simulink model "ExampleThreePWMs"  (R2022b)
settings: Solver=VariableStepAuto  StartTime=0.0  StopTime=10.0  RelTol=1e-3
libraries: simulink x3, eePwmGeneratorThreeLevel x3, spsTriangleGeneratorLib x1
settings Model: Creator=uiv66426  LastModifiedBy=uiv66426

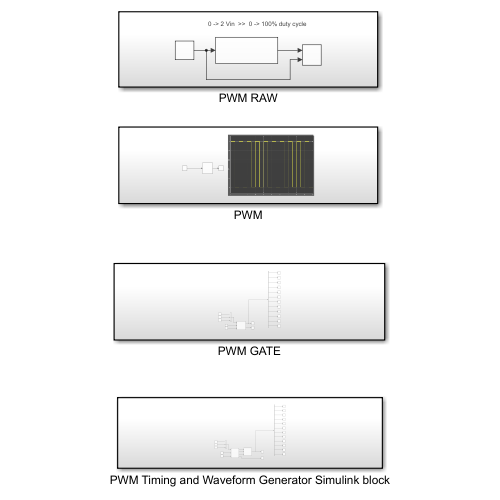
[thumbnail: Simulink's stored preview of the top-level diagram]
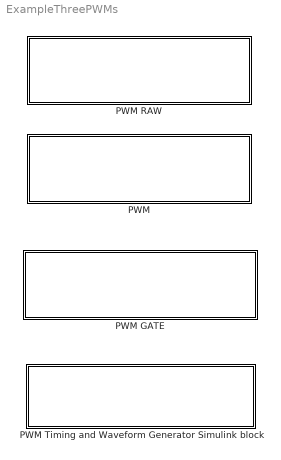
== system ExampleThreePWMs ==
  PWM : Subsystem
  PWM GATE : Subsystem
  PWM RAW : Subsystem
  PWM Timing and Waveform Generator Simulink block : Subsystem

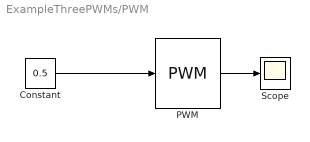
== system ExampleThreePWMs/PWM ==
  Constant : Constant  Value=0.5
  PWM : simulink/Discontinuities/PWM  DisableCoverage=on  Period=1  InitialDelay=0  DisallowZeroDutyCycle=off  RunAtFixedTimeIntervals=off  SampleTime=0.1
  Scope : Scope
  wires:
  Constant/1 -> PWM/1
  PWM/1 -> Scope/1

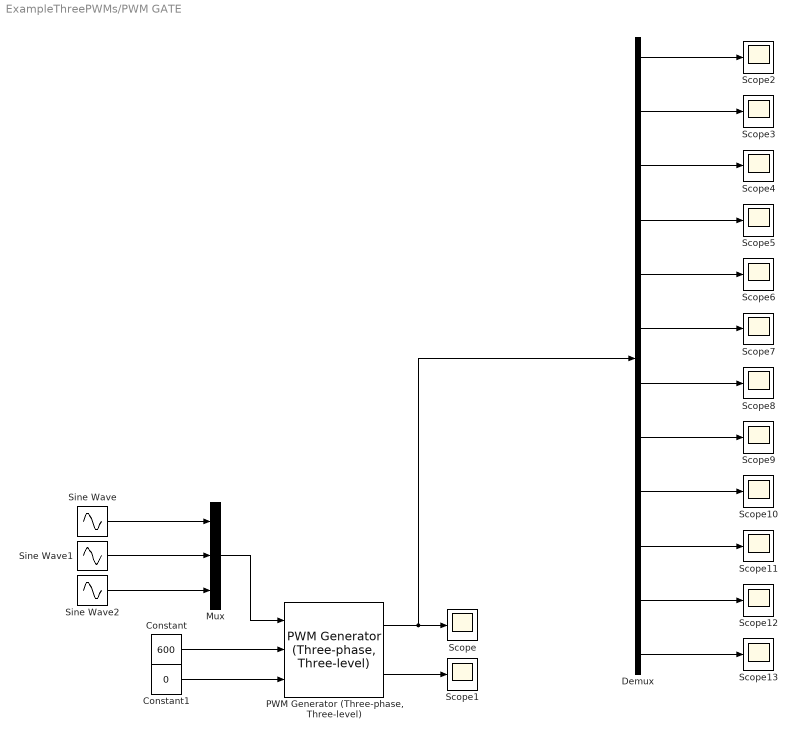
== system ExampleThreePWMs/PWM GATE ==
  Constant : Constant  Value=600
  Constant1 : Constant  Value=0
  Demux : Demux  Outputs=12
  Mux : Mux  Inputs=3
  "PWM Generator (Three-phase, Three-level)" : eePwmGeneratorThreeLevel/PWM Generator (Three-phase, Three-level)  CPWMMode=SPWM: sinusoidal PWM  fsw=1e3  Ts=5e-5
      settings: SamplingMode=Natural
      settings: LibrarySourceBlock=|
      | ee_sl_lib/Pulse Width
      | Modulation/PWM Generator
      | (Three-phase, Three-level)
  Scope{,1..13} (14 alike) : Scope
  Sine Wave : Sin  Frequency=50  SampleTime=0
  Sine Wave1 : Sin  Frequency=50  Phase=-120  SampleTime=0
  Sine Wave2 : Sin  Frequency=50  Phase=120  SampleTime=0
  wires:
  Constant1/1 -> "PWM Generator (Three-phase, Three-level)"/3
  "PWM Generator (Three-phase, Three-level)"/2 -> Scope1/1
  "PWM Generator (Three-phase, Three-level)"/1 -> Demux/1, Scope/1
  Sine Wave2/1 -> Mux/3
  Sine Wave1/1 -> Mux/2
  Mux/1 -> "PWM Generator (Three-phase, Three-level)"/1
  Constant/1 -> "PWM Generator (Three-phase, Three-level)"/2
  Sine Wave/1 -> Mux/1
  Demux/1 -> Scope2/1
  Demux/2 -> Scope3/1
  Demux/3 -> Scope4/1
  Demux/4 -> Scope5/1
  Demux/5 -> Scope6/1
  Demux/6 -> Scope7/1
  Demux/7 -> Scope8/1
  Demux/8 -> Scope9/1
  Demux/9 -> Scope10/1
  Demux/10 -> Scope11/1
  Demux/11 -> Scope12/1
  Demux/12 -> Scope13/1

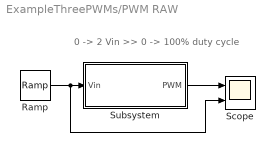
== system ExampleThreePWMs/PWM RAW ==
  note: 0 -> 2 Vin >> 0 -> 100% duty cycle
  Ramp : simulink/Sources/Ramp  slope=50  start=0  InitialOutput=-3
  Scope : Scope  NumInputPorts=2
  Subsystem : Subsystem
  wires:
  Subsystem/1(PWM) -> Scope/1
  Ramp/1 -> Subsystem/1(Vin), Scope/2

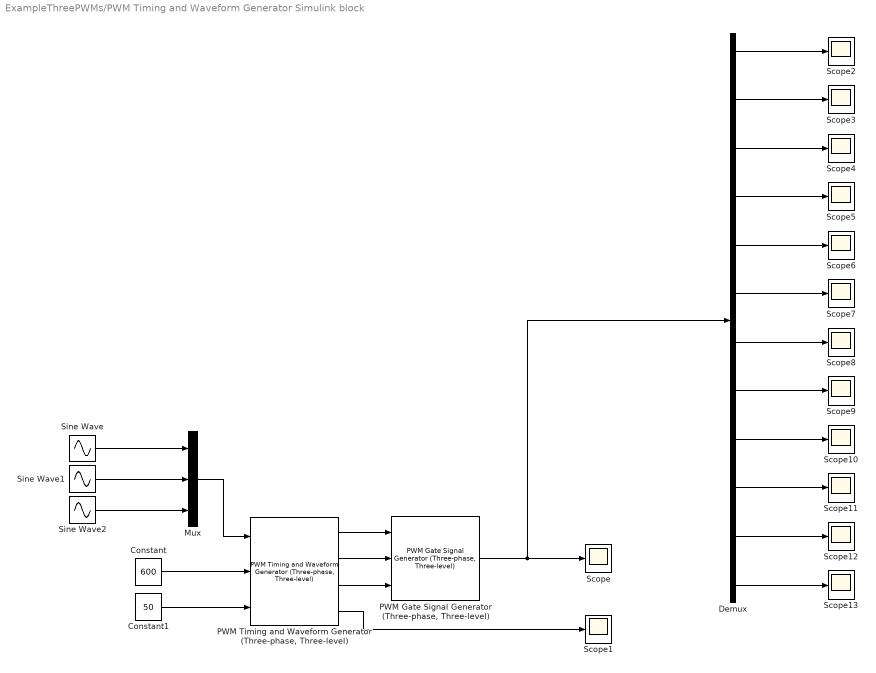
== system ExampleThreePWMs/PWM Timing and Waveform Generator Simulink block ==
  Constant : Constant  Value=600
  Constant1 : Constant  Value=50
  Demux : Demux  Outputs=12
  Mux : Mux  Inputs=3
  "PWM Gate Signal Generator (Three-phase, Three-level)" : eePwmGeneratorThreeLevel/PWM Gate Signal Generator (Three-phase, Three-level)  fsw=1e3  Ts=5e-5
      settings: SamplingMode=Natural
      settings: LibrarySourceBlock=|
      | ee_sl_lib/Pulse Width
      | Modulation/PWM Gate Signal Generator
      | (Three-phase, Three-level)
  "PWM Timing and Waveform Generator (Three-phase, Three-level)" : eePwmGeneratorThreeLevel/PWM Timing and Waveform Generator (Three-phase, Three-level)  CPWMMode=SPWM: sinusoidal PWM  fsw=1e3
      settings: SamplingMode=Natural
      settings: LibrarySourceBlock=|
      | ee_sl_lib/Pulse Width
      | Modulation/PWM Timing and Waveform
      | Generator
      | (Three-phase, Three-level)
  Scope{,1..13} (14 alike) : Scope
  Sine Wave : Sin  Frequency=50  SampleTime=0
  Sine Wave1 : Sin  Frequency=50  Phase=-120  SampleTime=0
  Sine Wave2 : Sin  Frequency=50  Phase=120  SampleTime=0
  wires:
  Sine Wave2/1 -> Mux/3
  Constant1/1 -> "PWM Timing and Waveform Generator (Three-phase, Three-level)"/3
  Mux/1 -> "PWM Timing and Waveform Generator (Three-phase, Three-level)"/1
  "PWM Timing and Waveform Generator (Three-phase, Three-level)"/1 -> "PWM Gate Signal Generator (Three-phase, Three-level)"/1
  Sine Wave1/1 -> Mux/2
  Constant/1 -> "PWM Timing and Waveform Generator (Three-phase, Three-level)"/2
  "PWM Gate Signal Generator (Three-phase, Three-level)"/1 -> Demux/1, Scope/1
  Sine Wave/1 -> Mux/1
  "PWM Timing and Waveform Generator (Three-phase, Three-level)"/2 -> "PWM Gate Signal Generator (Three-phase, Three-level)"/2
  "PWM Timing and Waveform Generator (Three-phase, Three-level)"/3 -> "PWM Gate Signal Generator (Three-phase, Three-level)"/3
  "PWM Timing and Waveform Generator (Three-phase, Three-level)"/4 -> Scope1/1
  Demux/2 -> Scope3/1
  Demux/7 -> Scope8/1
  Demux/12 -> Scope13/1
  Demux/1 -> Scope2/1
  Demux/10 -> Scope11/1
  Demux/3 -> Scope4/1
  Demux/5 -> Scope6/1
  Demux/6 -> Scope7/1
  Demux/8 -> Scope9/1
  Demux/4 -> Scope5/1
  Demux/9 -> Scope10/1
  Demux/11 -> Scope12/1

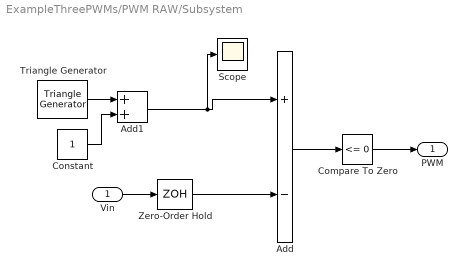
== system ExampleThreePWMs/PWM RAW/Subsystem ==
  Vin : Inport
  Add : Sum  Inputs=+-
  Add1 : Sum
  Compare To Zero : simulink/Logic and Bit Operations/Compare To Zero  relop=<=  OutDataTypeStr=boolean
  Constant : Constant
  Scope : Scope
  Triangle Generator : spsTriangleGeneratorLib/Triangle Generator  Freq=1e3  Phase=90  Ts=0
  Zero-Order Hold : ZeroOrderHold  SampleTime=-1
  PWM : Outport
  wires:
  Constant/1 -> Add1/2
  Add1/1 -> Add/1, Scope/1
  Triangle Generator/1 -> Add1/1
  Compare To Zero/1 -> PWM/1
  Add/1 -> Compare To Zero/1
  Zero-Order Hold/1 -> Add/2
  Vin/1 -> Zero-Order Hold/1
+ + + +
* Problem *
Write out exactly those lines running from the line with "system ExampleThreePWMs/PWM RAW/Subsystem" to the end of the data above, the first and last included.

* Solution for this exercise *
== system ExampleThreePWMs/PWM RAW/Subsystem ==
  Vin : Inport
  Add : Sum  Inputs=+-
  Add1 : Sum
  Compare To Zero : simulink/Logic and Bit Operations/Compare To Zero  relop=<=  OutDataTypeStr=boolean
  Constant : Constant
  Scope : Scope
  Triangle Generator : spsTriangleGeneratorLib/Triangle Generator  Freq=1e3  Phase=90  Ts=0
  Zero-Order Hold : ZeroOrderHold  SampleTime=-1
  PWM : Outport
  wires:
  Constant/1 -> Add1/2
  Add1/1 -> Add/1, Scope/1
  Triangle Generator/1 -> Add1/1
  Compare To Zero/1 -> PWM/1
  Add/1 -> Compare To Zero/1
  Zero-Order Hold/1 -> Add/2
  Vin/1 -> Zero-Order Hold/1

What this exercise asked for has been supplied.